Heute habe ich ein Buch gesucht.
Ein Buch aus der Kategorie "enge Freundschaft über Jahrzehnte".
Ich bin schlampig.
Dort, wo es sein sollte, war es nicht,
dafür konnte ich das Regal gleich abstauben.
Vier Werke des gleichen Autors haben sich gefunden -
die kenne ich wieder eher nicht,
aber das Gesuchte war ganz woanders.
Hat mich eine halbe Stunde meines Lebens gekostet.
Ich frage mich:
Wie kann eine Frau, die so viele Bücher besitzt,
trotzdem so dumm sein?
Nicht, dass alle Bücher so gescheit und weise sind,
aber da biegen sich die Regalbretter unter den Werken
richtig intelligenter SchreiberInnen.
Und das meiste davon ist gelesen.
Wohl alles durch den Ganglien-Rost gefallen.....

Kommentare:

  1. Hör mal, alles in deinem Blog zeigt Nachdenklichkeit und Intelligenz auf, wie kommst du drauf zu sagen, du wärst es nicht? Das hast du nicht verdient.

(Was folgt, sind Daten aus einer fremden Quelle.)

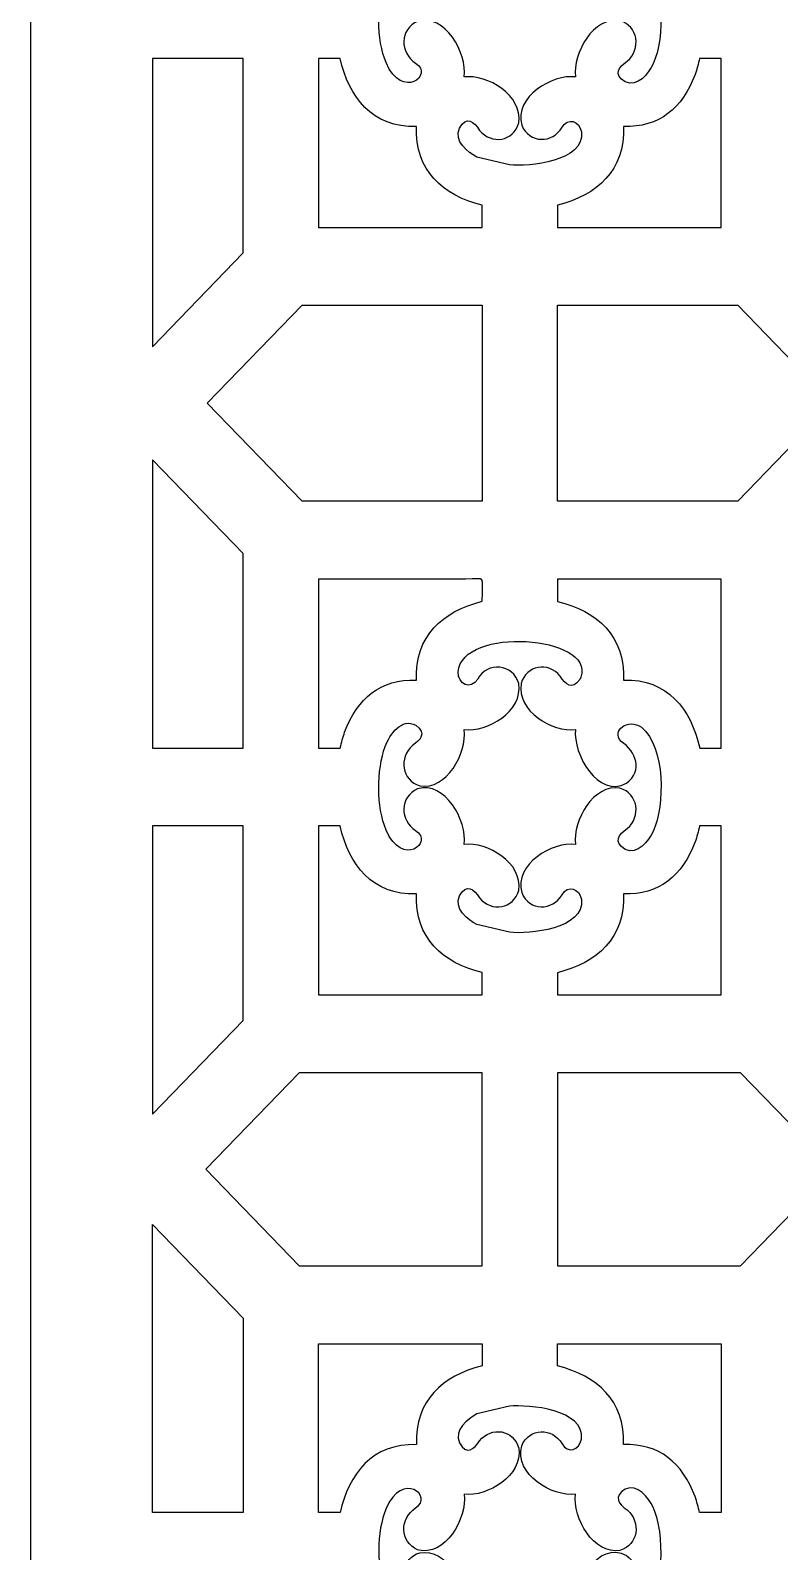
# Model space of a CAD drawing. Header units: centimetres. Extents: x -20.9 to -15.5, y -9 to 9.
# Drawn here: x -20.937 to -18.535, y 0.003 to 4.882 of the extents above; entities that cross this region are included whole.
import ezdxf

# ---------------------------------------------------------------- set-up
doc = ezdxf.new("R2010")
doc.units = ezdxf.units.CM
doc.header["$MEASUREMENT"] = 0
doc.layers.add('layer 1', color=7, linetype='Continuous')

msp = doc.modelspace()

# ---------------------------------------------------------------- linework, layer by layer
at = {"layer": 'layer 1', "color": 250}
for points, knots in [([(-20.93745, -9.0002), (-20.93745, -9.0002), (-20.93745, 9.00076), (-20.93745, 9.00076), (-20.93745, 9.00076), (-20.93745, 9.00076), (-15.45891, 9.00076), (-15.45891, 9.00076), (-15.45891, 9.00076), (-15.45891, 9.00076), (-15.45891, -9.0002), (-15.45891, -9.0002), (-15.45891, -9.0002), (-15.45891, -9.0002), (-20.93745, -9.0002), (-20.93745, -9.0002)], [0, 0, 0, 0, 0.2, 0.2, 0.2, 0.2, 0.4, 0.4, 0.4, 0.4, 0.6, 0.6, 0.6, 0.6, 1, 1, 1, 1]), ([(-19.79993, 5.04672), (-19.82664, 4.97147), (-19.82805, 4.85245), (-19.79662, 4.77855), (-19.79662, 4.77855), (-19.74465, 4.6564), (-19.64219, 4.73938), (-19.70192, 4.77694), (-19.70192, 4.77694), (-19.75306, 4.80913), (-19.75353, 4.88631), (-19.69565, 4.91077), (-19.69565, 4.91077), (-19.60739, 4.93667), (-19.53662, 4.80889), (-19.54593, 4.7325), (-19.54593, 4.7325), (-19.47308, 4.74202), (-19.35679, 4.67321), (-19.37129, 4.58527), (-19.37129, 4.58527), (-19.38778, 4.52534), (-19.45861, 4.51444), (-19.49675, 4.56122), (-19.49675, 4.56122), (-19.51515, 4.58917), (-19.53829, 4.60897), (-19.56137, 4.5682), (-19.56137, 4.5682), (-19.57968, 4.52719), (-19.53574, 4.49101), (-19.50522, 4.47545), (-19.50522, 4.47545), (-19.50522, 4.47545), (-19.4007, 4.45076), (-19.4007, 4.45076), (-19.4007, 4.45076), (-19.3393, 4.44414), (-19.15839, 4.46131), (-19.16964, 4.55619), (-19.16964, 4.55619), (-19.17761, 4.59169), (-19.21323, 4.60349), (-19.23209, 4.57142), (-19.23209, 4.57142), (-19.26329, 4.51837), (-19.33816, 4.51849), (-19.36168, 4.57789), (-19.36168, 4.57789), (-19.38676, 4.66887), (-19.26291, 4.7424), (-19.18906, 4.7325), (-19.18906, 4.7325), (-19.19832, 4.80945), (-19.13159, 4.92782), (-19.04649, 4.91288), (-19.04649, 4.91288), (-18.98846, 4.89586), (-18.97789, 4.82266), (-19.02321, 4.78329), (-19.02321, 4.78329), (-19.05027, 4.76431), (-19.0694, 4.74044), (-19.02994, 4.71656), (-19.02994, 4.71656), (-18.99063, 4.69787), (-18.95416, 4.74345), (-18.94016, 4.77456), (-18.94016, 4.77456), (-18.90258, 4.85793), (-18.90003, 5.04312), (-18.97724, 5.10832), (-18.97724, 5.10832), (-19.02083, 5.13896), (-19.07622, 5.09728), (-19.04245, 5.06321), (-19.04245, 5.06321), (-18.99532, 5.03005), (-18.97083, 4.96965), (-19.02616, 4.92929), (-19.02616, 4.92929), (-19.116, 4.87838), (-19.19835, 5.02285), (-19.18906, 5.10106), (-19.18906, 5.10106), (-19.26361, 5.09163), (-19.37814, 5.16032), (-19.3637, 5.24828), (-19.3637, 5.24828), (-19.34721, 5.30825), (-19.27632, 5.31914), (-19.23824, 5.27236), (-19.23824, 5.27236), (-19.22075, 5.24579), (-19.20125, 5.2252), (-19.17567, 5.26173), (-19.17567, 5.26173), (-19.17567, 5.26173), (-19.17189, 5.26923), (-19.17189, 5.26923), (-19.17189, 5.26923), (-19.12719, 5.40353), (-19.55279, 5.43341), (-19.56594, 5.28625), (-19.56594, 5.28625), (-19.56535, 5.24492), (-19.52575, 5.22746), (-19.5029, 5.26214), (-19.5029, 5.26214), (-19.4725, 5.32072), (-19.38878, 5.31188), (-19.37129, 5.24831), (-19.37129, 5.24831), (-19.35676, 5.16011), (-19.47261, 5.09171), (-19.54593, 5.10106), (-19.54593, 5.10106), (-19.53647, 5.02419), (-19.60355, 4.90579), (-19.6885, 4.9207), (-19.6885, 4.9207), (-19.74653, 4.93775), (-19.7571, 5.01093), (-19.71182, 5.05029), (-19.71182, 5.05029), (-19.68607, 5.06834), (-19.66612, 5.08849), (-19.70151, 5.11488), (-19.70151, 5.11488), (-19.74723, 5.13952), (-19.7849, 5.08577), (-19.79993, 5.04672)], [0, 0, 0, 0, 0.0294118, 0.0294118, 0.0294118, 0.0294118, 0.0588235, 0.0588235, 0.0588235, 0.0588235, 0.0882353, 0.0882353, 0.0882353, 0.0882353, 0.1176471, 0.1176471, 0.1176471, 0.1176471, 0.1470588, 0.1470588, 0.1470588, 0.1470588, 0.1764706, 0.1764706, 0.1764706, 0.1764706, 0.2058824, 0.2058824, 0.2058824, 0.2058824, 0.2352941, 0.2352941, 0.2352941, 0.2352941, 0.2647059, 0.2647059, 0.2647059, 0.2647059, 0.2941176, 0.2941176, 0.2941176, 0.2941176, 0.3235294, 0.3235294, 0.3235294, 0.3235294, 0.3529412, 0.3529412, 0.3529412, 0.3529412, 0.3823529, 0.3823529, 0.3823529, 0.3823529, 0.4117647, 0.4117647, 0.4117647, 0.4117647, 0.4411765, 0.4411765, 0.4411765, 0.4411765, 0.4705882, 0.4705882, 0.4705882, 0.4705882, 0.5, 0.5, 0.5, 0.5, 0.5294118, 0.5294118, 0.5294118, 0.5294118, 0.5588235, 0.5588235, 0.5588235, 0.5588235, 0.5882353, 0.5882353, 0.5882353, 0.5882353, 0.6176471, 0.6176471, 0.6176471, 0.6176471, 0.6470588, 0.6470588, 0.6470588, 0.6470588, 0.6764706, 0.6764706, 0.6764706, 0.6764706, 0.7058824, 0.7058824, 0.7058824, 0.7058824, 0.7352941, 0.7352941, 0.7352941, 0.7352941, 0.7647059, 0.7647059, 0.7647059, 0.7647059, 0.7941176, 0.7941176, 0.7941176, 0.7941176, 0.8235294, 0.8235294, 0.8235294, 0.8235294, 0.8529412, 0.8529412, 0.8529412, 0.8529412, 0.8823529, 0.8823529, 0.8823529, 0.8823529, 0.9117647, 0.9117647, 0.9117647, 0.9117647, 0.9411765, 0.9411765, 0.9411765, 0.9411765, 1, 1, 1, 1]), ([(-20.54613, 4.79179), (-20.54613, 4.79179), (-20.25505, 4.79179), (-20.25505, 4.79179), (-20.25505, 4.79179), (-20.25505, 4.79179), (-20.25505, 4.168), (-20.25505, 4.168), (-20.25505, 4.168), (-20.25505, 4.168), (-20.54613, 3.86737), (-20.54613, 3.86737), (-20.54613, 3.86737), (-20.54613, 3.86737), (-20.54613, 4.79179), (-20.54613, 4.79179)], [0, 0, 0, 0, 0.2, 0.2, 0.2, 0.2, 0.4, 0.4, 0.4, 0.4, 0.6, 0.6, 0.6, 0.6, 1, 1, 1, 1]), ([(-20.01297, 4.79179), (-20.01297, 4.79179), (-19.94434, 4.79179), (-19.94434, 4.79179), (-19.94434, 4.79179), (-19.91628, 4.66879), (-19.84108, 4.56858), (-19.6996, 4.57382), (-19.6996, 4.57382), (-19.70446, 4.43275), (-19.61574, 4.35251), (-19.48849, 4.32132), (-19.48849, 4.32132), (-19.48849, 4.32132), (-19.48849, 4.25014), (-19.48849, 4.25014), (-19.48849, 4.25014), (-19.48849, 4.25014), (-20.01297, 4.25014), (-20.01297, 4.25014), (-20.01297, 4.25014), (-20.01297, 4.25014), (-20.01297, 4.79179), (-20.01297, 4.79179)], [0, 0, 0, 0, 0.1428571, 0.1428571, 0.1428571, 0.1428571, 0.2857143, 0.2857143, 0.2857143, 0.2857143, 0.4285714, 0.4285714, 0.4285714, 0.4285714, 0.5714286, 0.5714286, 0.5714286, 0.5714286, 0.7142857, 0.7142857, 0.7142857, 0.7142857, 1, 1, 1, 1]), ([(-18.79124, 4.79179), (-18.79124, 4.79179), (-18.72193, 4.79179), (-18.72193, 4.79179), (-18.72193, 4.79179), (-18.72193, 4.79179), (-18.72193, 4.25014), (-18.72193, 4.25014), (-18.72193, 4.25014), (-18.72193, 4.25014), (-19.24642, 4.25014), (-19.24642, 4.25014), (-19.24642, 4.25014), (-19.24642, 4.25014), (-19.24642, 4.3212), (-19.24642, 4.3212), (-19.24642, 4.3212), (-19.11931, 4.35325), (-19.03047, 4.43237), (-19.03539, 4.57382), (-19.03539, 4.57382), (-18.9203, 4.56957), (-18.84698, 4.63202), (-18.80553, 4.74047), (-18.80553, 4.74047), (-18.8, 4.75664), (-18.79522, 4.77386), (-18.79124, 4.79179)], [0, 0, 0, 0, 0.125, 0.125, 0.125, 0.125, 0.25, 0.25, 0.25, 0.25, 0.375, 0.375, 0.375, 0.375, 0.5, 0.5, 0.5, 0.5, 0.625, 0.625, 0.625, 0.625, 0.75, 0.75, 0.75, 0.75, 1, 1, 1, 1]), ([(-19.48849, 3.37165), (-19.48849, 3.37165), (-19.48849, 4.00015), (-19.48849, 4.00015), (-19.48849, 4.00015), (-19.48849, 4.00015), (-20.06611, 4.00015), (-20.06611, 4.00015), (-20.06611, 4.00015), (-20.06611, 4.00015), (-20.3704, 3.6859), (-20.3704, 3.6859), (-20.3704, 3.6859), (-20.3704, 3.6859), (-20.06611, 3.37165), (-20.06611, 3.37165), (-20.06611, 3.37165), (-20.06611, 3.37165), (-19.48849, 3.37165), (-19.48849, 3.37165)], [0, 0, 0, 0, 0.1666667, 0.1666667, 0.1666667, 0.1666667, 0.3333333, 0.3333333, 0.3333333, 0.3333333, 0.5, 0.5, 0.5, 0.5, 0.6666667, 0.6666667, 0.6666667, 0.6666667, 1, 1, 1, 1]), ([(-19.24642, 4.00015), (-19.24642, 4.00015), (-19.24642, 3.37165), (-19.24642, 3.37165), (-19.24642, 3.37165), (-19.24642, 3.37165), (-18.66879, 3.37165), (-18.66879, 3.37165), (-18.66879, 3.37165), (-18.66879, 3.37165), (-18.3645, 3.6859), (-18.3645, 3.6859), (-18.3645, 3.6859), (-18.3645, 3.6859), (-18.66879, 4.00015), (-18.66879, 4.00015), (-18.66879, 4.00015), (-18.66879, 4.00015), (-19.24642, 4.00015), (-19.24642, 4.00015)], [0, 0, 0, 0, 0.1666667, 0.1666667, 0.1666667, 0.1666667, 0.3333333, 0.3333333, 0.3333333, 0.3333333, 0.5, 0.5, 0.5, 0.5, 0.6666667, 0.6666667, 0.6666667, 0.6666667, 1, 1, 1, 1]), ([(-20.25505, 2.58001), (-20.25505, 2.58001), (-20.54613, 2.58001), (-20.54613, 2.58001), (-20.54613, 2.58001), (-20.54613, 2.58001), (-20.54613, 3.50443), (-20.54613, 3.50443), (-20.54613, 3.50443), (-20.54613, 3.50443), (-20.25505, 3.20383), (-20.25505, 3.20383), (-20.25505, 3.20383), (-20.25505, 3.20383), (-20.25505, 2.58001), (-20.25505, 2.58001)], [0, 0, 0, 0, 0.2, 0.2, 0.2, 0.2, 0.4, 0.4, 0.4, 0.4, 0.6, 0.6, 0.6, 0.6, 1, 1, 1, 1]), ([(-19.94373, 2.58001), (-19.94373, 2.58001), (-20.01297, 2.58001), (-20.01297, 2.58001), (-20.01297, 2.58001), (-20.01297, 2.58001), (-20.01297, 3.12166), (-20.01297, 3.12166), (-20.01297, 3.12166), (-19.85605, 3.12166), (-19.69913, 3.12166), (-19.54221, 3.12166), (-19.54221, 3.12166), (-19.47455, 3.12166), (-19.48849, 3.13944), (-19.48849, 3.05063), (-19.48849, 3.05063), (-19.6155, 3.01861), (-19.70449, 2.93932), (-19.6996, 2.79798), (-19.6996, 2.79798), (-19.81487, 2.80229), (-19.88822, 2.73954), (-19.92961, 2.63092), (-19.92961, 2.63092), (-19.93508, 2.6149), (-19.9398, 2.59782), (-19.94373, 2.58001)], [0, 0, 0, 0, 0.125, 0.125, 0.125, 0.125, 0.25, 0.25, 0.25, 0.25, 0.375, 0.375, 0.375, 0.375, 0.5, 0.5, 0.5, 0.5, 0.625, 0.625, 0.625, 0.625, 0.75, 0.75, 0.75, 0.75, 1, 1, 1, 1]), ([(-18.72193, 2.58001), (-18.72193, 2.58001), (-18.79053, 2.58001), (-18.79053, 2.58001), (-18.79053, 2.58001), (-18.81863, 2.7031), (-18.894, 2.80322), (-19.03539, 2.79798), (-19.03539, 2.79798), (-19.03047, 2.939), (-19.11926, 3.01926), (-19.24642, 3.05045), (-19.24642, 3.05045), (-19.24642, 3.05045), (-19.24642, 3.12166), (-19.24642, 3.12166), (-19.24642, 3.12166), (-19.24642, 3.12166), (-18.72193, 3.12166), (-18.72193, 3.12166), (-18.72193, 3.12166), (-18.72193, 3.12166), (-18.72193, 2.58001), (-18.72193, 2.58001)], [0, 0, 0, 0, 0.1428571, 0.1428571, 0.1428571, 0.1428571, 0.2857143, 0.2857143, 0.2857143, 0.2857143, 0.4285714, 0.4285714, 0.4285714, 0.4285714, 0.5714286, 0.5714286, 0.5714286, 0.5714286, 0.7142857, 0.7142857, 0.7142857, 0.7142857, 1, 1, 1, 1]), ([(-19.79993, 2.58496), (-19.82664, 2.50971), (-19.82805, 2.39067), (-19.79662, 2.31676), (-19.79662, 2.31676), (-19.74465, 2.19464), (-19.64219, 2.27763), (-19.70192, 2.31518), (-19.70192, 2.31518), (-19.75306, 2.34734), (-19.75353, 2.42453), (-19.69565, 2.44902), (-19.69565, 2.44902), (-19.60739, 2.47491), (-19.53662, 2.34714), (-19.54593, 2.27074), (-19.54593, 2.27074), (-19.47308, 2.28026), (-19.35679, 2.21145), (-19.37129, 2.12352), (-19.37129, 2.12352), (-19.38778, 2.06355), (-19.45861, 2.05269), (-19.49675, 2.09944), (-19.49675, 2.09944), (-19.51515, 2.12738), (-19.53829, 2.14718), (-19.56137, 2.10644), (-19.56137, 2.10644), (-19.57968, 2.0654), (-19.53574, 2.02922), (-19.50522, 2.0137), (-19.50522, 2.0137), (-19.50522, 2.0137), (-19.4007, 1.989), (-19.4007, 1.989), (-19.4007, 1.989), (-19.3393, 1.98235), (-19.15839, 1.99955), (-19.16964, 2.09443), (-19.16964, 2.09443), (-19.17761, 2.12993), (-19.21323, 2.14174), (-19.23209, 2.10966), (-19.23209, 2.10966), (-19.26329, 2.05658), (-19.33816, 2.05673), (-19.36168, 2.11613), (-19.36168, 2.11613), (-19.38676, 2.20712), (-19.26291, 2.28064), (-19.18906, 2.27074), (-19.18906, 2.27074), (-19.19832, 2.34766), (-19.13159, 2.46606), (-19.04649, 2.4511), (-19.04649, 2.4511), (-18.98846, 2.43408), (-18.97789, 2.3609), (-19.02321, 2.32151), (-19.02321, 2.32151), (-19.05027, 2.30252), (-19.0694, 2.27868), (-19.02994, 2.25478), (-19.02994, 2.25478), (-18.99063, 2.23612), (-18.95416, 2.2817), (-18.94016, 2.31281), (-18.94016, 2.31281), (-18.90258, 2.39617), (-18.90003, 2.58133), (-18.97724, 2.64654), (-18.97724, 2.64654), (-19.02083, 2.67721), (-19.07622, 2.63552), (-19.04245, 2.60146), (-19.04245, 2.60146), (-18.99532, 2.5683), (-18.97083, 2.50789), (-19.02616, 2.46753), (-19.02616, 2.46753), (-19.116, 2.41662), (-19.19835, 2.56106), (-19.18906, 2.6393), (-19.18906, 2.6393), (-19.26361, 2.62987), (-19.37814, 2.69853), (-19.3637, 2.78653), (-19.3637, 2.78653), (-19.34721, 2.84646), (-19.27632, 2.85739), (-19.23824, 2.81058), (-19.23824, 2.81058), (-19.22075, 2.78401), (-19.20125, 2.76341), (-19.17567, 2.79994), (-19.17567, 2.79994), (-19.17567, 2.79994), (-19.17189, 2.80744), (-19.17189, 2.80744), (-19.17189, 2.80744), (-19.12719, 2.94178), (-19.55279, 2.97166), (-19.56594, 2.82449), (-19.56594, 2.82449), (-19.56535, 2.78316), (-19.52575, 2.7657), (-19.5029, 2.80038), (-19.5029, 2.80038), (-19.4725, 2.85894), (-19.38878, 2.85009), (-19.37129, 2.78653), (-19.37129, 2.78653), (-19.35676, 2.69836), (-19.47261, 2.62996), (-19.54593, 2.6393), (-19.54593, 2.6393), (-19.53647, 2.56241), (-19.60355, 2.44404), (-19.6885, 2.45892), (-19.6885, 2.45892), (-19.74653, 2.476), (-19.7571, 2.54917), (-19.71182, 2.58851), (-19.71182, 2.58851), (-19.68607, 2.60655), (-19.66612, 2.62671), (-19.70151, 2.6531), (-19.70151, 2.6531), (-19.74723, 2.67773), (-19.7849, 2.62401), (-19.79993, 2.58496)], [0, 0, 0, 0, 0.0294118, 0.0294118, 0.0294118, 0.0294118, 0.0588235, 0.0588235, 0.0588235, 0.0588235, 0.0882353, 0.0882353, 0.0882353, 0.0882353, 0.1176471, 0.1176471, 0.1176471, 0.1176471, 0.1470588, 0.1470588, 0.1470588, 0.1470588, 0.1764706, 0.1764706, 0.1764706, 0.1764706, 0.2058824, 0.2058824, 0.2058824, 0.2058824, 0.2352941, 0.2352941, 0.2352941, 0.2352941, 0.2647059, 0.2647059, 0.2647059, 0.2647059, 0.2941176, 0.2941176, 0.2941176, 0.2941176, 0.3235294, 0.3235294, 0.3235294, 0.3235294, 0.3529412, 0.3529412, 0.3529412, 0.3529412, 0.3823529, 0.3823529, 0.3823529, 0.3823529, 0.4117647, 0.4117647, 0.4117647, 0.4117647, 0.4411765, 0.4411765, 0.4411765, 0.4411765, 0.4705882, 0.4705882, 0.4705882, 0.4705882, 0.5, 0.5, 0.5, 0.5, 0.5294118, 0.5294118, 0.5294118, 0.5294118, 0.5588235, 0.5588235, 0.5588235, 0.5588235, 0.5882353, 0.5882353, 0.5882353, 0.5882353, 0.6176471, 0.6176471, 0.6176471, 0.6176471, 0.6470588, 0.6470588, 0.6470588, 0.6470588, 0.6764706, 0.6764706, 0.6764706, 0.6764706, 0.7058824, 0.7058824, 0.7058824, 0.7058824, 0.7352941, 0.7352941, 0.7352941, 0.7352941, 0.7647059, 0.7647059, 0.7647059, 0.7647059, 0.7941176, 0.7941176, 0.7941176, 0.7941176, 0.8235294, 0.8235294, 0.8235294, 0.8235294, 0.8529412, 0.8529412, 0.8529412, 0.8529412, 0.8823529, 0.8823529, 0.8823529, 0.8823529, 0.9117647, 0.9117647, 0.9117647, 0.9117647, 0.9411765, 0.9411765, 0.9411765, 0.9411765, 1, 1, 1, 1]), ([(-20.54613, 2.33), (-20.54613, 2.33), (-20.25505, 2.33), (-20.25505, 2.33), (-20.25505, 2.33), (-20.25505, 2.33), (-20.25505, 1.70621), (-20.25505, 1.70621), (-20.25505, 1.70621), (-20.25505, 1.70621), (-20.54613, 1.40561), (-20.54613, 1.40561), (-20.54613, 1.40561), (-20.54613, 1.40561), (-20.54613, 2.33), (-20.54613, 2.33)], [0, 0, 0, 0, 0.2, 0.2, 0.2, 0.2, 0.4, 0.4, 0.4, 0.4, 0.6, 0.6, 0.6, 0.6, 1, 1, 1, 1]), ([(-20.01297, 2.33), (-20.01297, 2.33), (-19.94434, 2.33), (-19.94434, 2.33), (-19.94434, 2.33), (-19.91628, 2.20703), (-19.84108, 2.10682), (-19.6996, 2.11203), (-19.6996, 2.11203), (-19.70446, 1.97099), (-19.61571, 1.89073), (-19.48849, 1.85956), (-19.48849, 1.85956), (-19.48849, 1.85956), (-19.48849, 1.78838), (-19.48849, 1.78838), (-19.48849, 1.78838), (-19.48849, 1.78838), (-20.01297, 1.78838), (-20.01297, 1.78838), (-20.01297, 1.78838), (-20.01297, 1.78838), (-20.01297, 2.33), (-20.01297, 2.33)], [0, 0, 0, 0, 0.1428571, 0.1428571, 0.1428571, 0.1428571, 0.2857143, 0.2857143, 0.2857143, 0.2857143, 0.4285714, 0.4285714, 0.4285714, 0.4285714, 0.5714286, 0.5714286, 0.5714286, 0.5714286, 0.7142857, 0.7142857, 0.7142857, 0.7142857, 1, 1, 1, 1]), ([(-18.79124, 2.33), (-18.79124, 2.33), (-18.72193, 2.33), (-18.72193, 2.33), (-18.72193, 2.33), (-18.72193, 2.33), (-18.72193, 1.78838), (-18.72193, 1.78838), (-18.72193, 1.78838), (-18.72193, 1.78838), (-19.24642, 1.78838), (-19.24642, 1.78838), (-19.24642, 1.78838), (-19.24642, 1.78838), (-19.24642, 1.85941), (-19.24642, 1.85941), (-19.24642, 1.85941), (-19.11931, 1.89146), (-19.03047, 1.97061), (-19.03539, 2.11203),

    Das Problem der Bücher hab ich auch - ist ein echtes Problem bei jedem Umzug, aber trennen kann ich mich nicht, das geht gar nicht. Finden tu ich seit dem letzten Umzug überhaupt gar nichts mehr - finde ich aber lustig, weil ich so immer wieder was altes/neues lange vergessenes entdecke und Freude dran habe an diesem Chaos. Ist doch wie Ostereier suchen.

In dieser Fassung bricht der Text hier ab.